Then I asked: ‘Does a firm persuasion that a thing is so, make it so?’
He replied: ‘All Poets believe that it does, and in ages of imagination this firm persuasion removed mountains; but many are not capable of a firm persuasion of anything.’
Then Ezekiel said: ‘The philosophy of the East taught the first principles of human perception. Some nations held one principle for the origin, and some another: we of Israel taught that the Poetic Genius (as you now call it) was the first principle and all the others merely derivative, which was the cause of our despising the Priests and Philosophers of other countries, and prophesying that all Gods would at last be proved to originate in ours and to be the tributaries of the Poetic Genius.
...
The ancient tradition that the world will be consumed in fire at the end of six thousand years is true, as I have heard from Hell.
For the cherub with his flaming sword is hereby commanded to leave his guard at tree of life; and when he does, the whole creation will be consumed and appear infinite and holy, whereas it now appears finite and corrupt.
This will come to pass by an improvement of sensual enjoyment.
But first the notion that man has a body distinct from his soul is to be expunged; this I shall do by printing in the infernal method, by corrosives, which in Hell are salutary and medicinal, melting apparent surfaces away, and displaying the infinite which was hid.
If the doors of perception were cleansed everything would appear to man as it is, infinite.
For man has closed himself up till he sees all things thro’ narrow chinks of his cavern.
...
Some will say: ‘Is not God alone the Prolific? I answer: ‘God only Acts and Is, in existing beings or Men.’
...
I have always found that Angels have the vanity to speak of themselves as the Only Wise.

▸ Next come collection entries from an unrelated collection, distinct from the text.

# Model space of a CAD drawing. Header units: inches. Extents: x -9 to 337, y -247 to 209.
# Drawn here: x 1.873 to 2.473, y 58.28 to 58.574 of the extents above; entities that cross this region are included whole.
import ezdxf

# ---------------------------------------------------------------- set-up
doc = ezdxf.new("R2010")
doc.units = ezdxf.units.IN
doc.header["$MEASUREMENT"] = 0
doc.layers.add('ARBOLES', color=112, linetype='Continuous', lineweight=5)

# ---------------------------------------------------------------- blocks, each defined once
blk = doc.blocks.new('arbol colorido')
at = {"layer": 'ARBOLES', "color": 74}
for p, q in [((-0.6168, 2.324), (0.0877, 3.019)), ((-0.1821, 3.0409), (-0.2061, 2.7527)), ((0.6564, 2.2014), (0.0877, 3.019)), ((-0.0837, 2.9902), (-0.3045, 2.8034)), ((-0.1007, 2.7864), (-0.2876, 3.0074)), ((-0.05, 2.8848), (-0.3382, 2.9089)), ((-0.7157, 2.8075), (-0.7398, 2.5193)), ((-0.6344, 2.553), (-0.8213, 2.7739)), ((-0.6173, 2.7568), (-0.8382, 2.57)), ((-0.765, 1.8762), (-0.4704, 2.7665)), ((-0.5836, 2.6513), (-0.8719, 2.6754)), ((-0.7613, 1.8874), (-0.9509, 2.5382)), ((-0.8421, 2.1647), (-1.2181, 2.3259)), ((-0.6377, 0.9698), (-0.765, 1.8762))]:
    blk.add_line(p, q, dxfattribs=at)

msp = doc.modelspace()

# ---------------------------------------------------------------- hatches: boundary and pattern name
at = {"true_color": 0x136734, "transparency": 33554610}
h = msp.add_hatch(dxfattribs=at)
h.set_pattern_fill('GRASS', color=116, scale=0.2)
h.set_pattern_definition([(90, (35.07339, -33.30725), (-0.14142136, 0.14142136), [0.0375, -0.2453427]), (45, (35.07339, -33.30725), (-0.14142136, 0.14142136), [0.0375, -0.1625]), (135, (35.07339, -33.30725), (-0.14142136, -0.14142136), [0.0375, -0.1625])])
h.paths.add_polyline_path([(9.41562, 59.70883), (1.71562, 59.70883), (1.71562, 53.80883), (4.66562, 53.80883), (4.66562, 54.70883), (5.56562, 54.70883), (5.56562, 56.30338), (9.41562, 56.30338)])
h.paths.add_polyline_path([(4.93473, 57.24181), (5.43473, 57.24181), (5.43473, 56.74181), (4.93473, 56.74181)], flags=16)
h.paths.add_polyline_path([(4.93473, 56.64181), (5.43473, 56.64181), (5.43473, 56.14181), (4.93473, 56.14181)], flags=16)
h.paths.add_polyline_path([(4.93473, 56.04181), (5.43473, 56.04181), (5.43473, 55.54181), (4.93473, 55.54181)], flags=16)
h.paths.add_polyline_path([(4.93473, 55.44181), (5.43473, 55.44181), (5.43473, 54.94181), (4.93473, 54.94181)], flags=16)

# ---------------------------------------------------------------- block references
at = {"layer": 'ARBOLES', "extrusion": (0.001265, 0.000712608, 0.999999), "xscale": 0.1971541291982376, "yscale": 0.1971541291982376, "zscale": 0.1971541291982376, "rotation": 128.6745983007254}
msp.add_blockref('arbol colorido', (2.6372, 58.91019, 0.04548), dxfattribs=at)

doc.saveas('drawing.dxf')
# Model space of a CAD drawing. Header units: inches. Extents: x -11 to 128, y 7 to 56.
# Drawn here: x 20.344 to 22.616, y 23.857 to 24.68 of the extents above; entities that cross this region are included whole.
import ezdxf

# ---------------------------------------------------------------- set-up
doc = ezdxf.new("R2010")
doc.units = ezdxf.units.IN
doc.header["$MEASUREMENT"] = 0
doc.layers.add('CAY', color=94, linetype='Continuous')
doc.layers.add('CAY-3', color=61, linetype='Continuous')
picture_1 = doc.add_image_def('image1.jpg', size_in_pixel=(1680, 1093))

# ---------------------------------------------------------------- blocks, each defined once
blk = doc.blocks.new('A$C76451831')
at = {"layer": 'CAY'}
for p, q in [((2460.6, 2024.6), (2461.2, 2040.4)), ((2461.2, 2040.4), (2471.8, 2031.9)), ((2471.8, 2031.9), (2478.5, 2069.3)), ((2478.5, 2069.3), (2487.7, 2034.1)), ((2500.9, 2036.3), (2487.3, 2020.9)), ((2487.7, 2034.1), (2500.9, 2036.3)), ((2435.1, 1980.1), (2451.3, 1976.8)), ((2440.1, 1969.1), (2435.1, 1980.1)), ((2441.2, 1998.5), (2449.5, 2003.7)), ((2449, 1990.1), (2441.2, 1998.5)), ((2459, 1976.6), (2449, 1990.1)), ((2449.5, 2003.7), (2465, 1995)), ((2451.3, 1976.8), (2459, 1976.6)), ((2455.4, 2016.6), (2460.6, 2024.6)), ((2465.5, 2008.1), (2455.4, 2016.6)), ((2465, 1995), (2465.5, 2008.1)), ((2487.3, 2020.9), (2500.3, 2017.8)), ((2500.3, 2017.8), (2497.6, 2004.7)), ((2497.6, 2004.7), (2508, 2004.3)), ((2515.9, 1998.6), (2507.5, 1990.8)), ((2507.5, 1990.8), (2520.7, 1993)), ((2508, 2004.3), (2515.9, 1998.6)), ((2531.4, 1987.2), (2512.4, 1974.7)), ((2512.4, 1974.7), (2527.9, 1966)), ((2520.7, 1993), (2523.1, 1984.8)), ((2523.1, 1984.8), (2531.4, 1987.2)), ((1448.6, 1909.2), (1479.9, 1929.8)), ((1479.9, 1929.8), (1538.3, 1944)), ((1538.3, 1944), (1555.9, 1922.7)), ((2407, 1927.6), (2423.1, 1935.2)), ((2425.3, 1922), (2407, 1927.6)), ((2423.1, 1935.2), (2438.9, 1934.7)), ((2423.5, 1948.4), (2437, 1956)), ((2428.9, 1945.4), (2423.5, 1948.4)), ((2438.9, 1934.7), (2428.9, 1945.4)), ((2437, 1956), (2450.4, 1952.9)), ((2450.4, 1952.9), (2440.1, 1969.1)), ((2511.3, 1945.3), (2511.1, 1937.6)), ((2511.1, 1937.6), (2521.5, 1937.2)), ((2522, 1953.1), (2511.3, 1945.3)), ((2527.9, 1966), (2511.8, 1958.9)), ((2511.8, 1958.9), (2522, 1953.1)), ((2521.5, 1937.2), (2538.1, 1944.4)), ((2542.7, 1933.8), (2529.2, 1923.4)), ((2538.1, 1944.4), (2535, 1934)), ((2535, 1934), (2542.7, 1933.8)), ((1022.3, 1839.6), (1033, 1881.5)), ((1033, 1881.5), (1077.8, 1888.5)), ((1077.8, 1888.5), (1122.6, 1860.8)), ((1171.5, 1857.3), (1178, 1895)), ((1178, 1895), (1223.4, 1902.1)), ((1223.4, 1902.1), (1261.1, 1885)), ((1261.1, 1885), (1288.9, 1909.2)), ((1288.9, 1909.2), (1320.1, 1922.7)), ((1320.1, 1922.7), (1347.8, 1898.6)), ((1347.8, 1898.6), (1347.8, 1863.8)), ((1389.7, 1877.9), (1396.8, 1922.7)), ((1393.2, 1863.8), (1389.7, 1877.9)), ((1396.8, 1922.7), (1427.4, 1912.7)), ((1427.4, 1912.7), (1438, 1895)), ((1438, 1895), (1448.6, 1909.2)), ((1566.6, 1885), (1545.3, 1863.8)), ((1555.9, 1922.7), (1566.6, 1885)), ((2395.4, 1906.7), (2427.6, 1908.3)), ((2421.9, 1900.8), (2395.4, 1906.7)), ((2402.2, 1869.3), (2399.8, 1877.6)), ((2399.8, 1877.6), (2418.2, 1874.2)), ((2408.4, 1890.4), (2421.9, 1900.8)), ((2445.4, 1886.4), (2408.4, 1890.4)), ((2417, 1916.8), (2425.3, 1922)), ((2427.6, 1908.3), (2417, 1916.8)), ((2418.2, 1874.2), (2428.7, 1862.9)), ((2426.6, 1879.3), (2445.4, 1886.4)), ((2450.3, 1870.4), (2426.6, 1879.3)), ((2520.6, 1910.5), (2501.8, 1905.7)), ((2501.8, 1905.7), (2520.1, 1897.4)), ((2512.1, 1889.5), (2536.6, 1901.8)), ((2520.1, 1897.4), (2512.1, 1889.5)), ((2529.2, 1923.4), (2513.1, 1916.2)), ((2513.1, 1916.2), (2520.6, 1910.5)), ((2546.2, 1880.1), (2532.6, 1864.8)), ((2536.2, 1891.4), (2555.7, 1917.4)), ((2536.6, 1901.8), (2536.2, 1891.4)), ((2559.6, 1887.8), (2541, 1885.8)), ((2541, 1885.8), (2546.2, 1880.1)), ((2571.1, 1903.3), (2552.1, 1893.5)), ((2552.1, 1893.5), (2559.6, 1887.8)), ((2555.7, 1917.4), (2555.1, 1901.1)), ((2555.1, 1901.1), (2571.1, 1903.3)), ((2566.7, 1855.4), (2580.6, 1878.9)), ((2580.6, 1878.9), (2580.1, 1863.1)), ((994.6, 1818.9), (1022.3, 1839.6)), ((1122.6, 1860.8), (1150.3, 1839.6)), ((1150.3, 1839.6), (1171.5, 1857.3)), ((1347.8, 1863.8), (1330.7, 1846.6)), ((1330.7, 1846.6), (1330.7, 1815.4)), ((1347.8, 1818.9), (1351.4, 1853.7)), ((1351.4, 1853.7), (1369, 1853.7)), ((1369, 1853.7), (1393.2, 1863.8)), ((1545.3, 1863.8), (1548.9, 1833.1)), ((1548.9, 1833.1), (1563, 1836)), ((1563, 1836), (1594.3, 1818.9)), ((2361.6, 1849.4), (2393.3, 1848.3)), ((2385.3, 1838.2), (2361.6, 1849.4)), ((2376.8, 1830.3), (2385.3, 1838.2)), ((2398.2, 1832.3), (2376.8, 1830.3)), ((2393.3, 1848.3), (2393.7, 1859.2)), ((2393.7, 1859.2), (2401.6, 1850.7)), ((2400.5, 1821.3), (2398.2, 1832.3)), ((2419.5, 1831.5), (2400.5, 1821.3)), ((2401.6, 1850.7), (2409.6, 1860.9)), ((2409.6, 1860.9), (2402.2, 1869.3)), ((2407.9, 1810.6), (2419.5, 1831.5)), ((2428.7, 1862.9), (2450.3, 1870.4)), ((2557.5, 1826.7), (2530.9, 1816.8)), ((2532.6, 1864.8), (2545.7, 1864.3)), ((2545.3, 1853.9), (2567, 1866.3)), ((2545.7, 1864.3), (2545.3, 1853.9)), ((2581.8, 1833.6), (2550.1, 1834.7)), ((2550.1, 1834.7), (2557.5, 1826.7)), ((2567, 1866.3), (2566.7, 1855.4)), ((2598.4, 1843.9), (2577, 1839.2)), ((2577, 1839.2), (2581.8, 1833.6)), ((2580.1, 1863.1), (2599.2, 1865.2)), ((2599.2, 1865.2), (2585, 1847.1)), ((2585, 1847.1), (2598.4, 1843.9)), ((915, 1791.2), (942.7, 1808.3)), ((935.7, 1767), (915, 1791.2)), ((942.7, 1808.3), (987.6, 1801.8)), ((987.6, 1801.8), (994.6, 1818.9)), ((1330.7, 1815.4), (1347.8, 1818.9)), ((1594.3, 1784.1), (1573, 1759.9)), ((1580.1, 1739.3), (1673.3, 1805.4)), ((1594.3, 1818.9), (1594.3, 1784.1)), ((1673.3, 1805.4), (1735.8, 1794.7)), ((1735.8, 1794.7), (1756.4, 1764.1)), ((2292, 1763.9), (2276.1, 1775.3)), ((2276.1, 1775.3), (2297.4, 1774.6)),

This they do with a confident insolence sprouting from systematic reasoning.
Thus Swedenborg boasts that what he writes is new; tho’ it is only the Contents or Index of already publish’d books.
A man carried a monkey about for a show, and because he was a little wiser than the monkey, grew vain, and conceiv’d himself as much wiser than seven men. It is so with Swedenborg: he shows the folly of churches, and exposes hypocrites, till he imagines that all are religious, and himself the single one on earth that ever broke a net.
Now hear a plain fact: Swedenborg has not written one new truth. Now hear another: he has written all the old falsehoods.
And now hear the reason. He conversed with Angels who are all religious, and conversed not with Devils who all hate religion, for he was incapable thro’ his conceited notions.
...
One Law for the Lion and Ox is Oppression.
...
— Blake
I know of no other Christianity and of no other Gospel than the liberty both of body & mind to exercise the Divine Arts of Imagination.
Imagination the real & eternal World of which this Vegetable Universe is but a faint shadow & in which we shall live in our Eternal or Imaginative Bodies, when these Vegetable Mortal Bodies are no more.
What is the Divine Spirit? is the Holy Ghost any other than an Intellectual Fountain? What is
the Harvest of the Gospel & its Labours? What is that Talent which it is a curse to hide? What are the Treasures of Heaven which we are to lay up for ourselves, are they any other than Mental Studies & Performances? What are all the Gifts of the Gospel? Are they not all Mental Gifts?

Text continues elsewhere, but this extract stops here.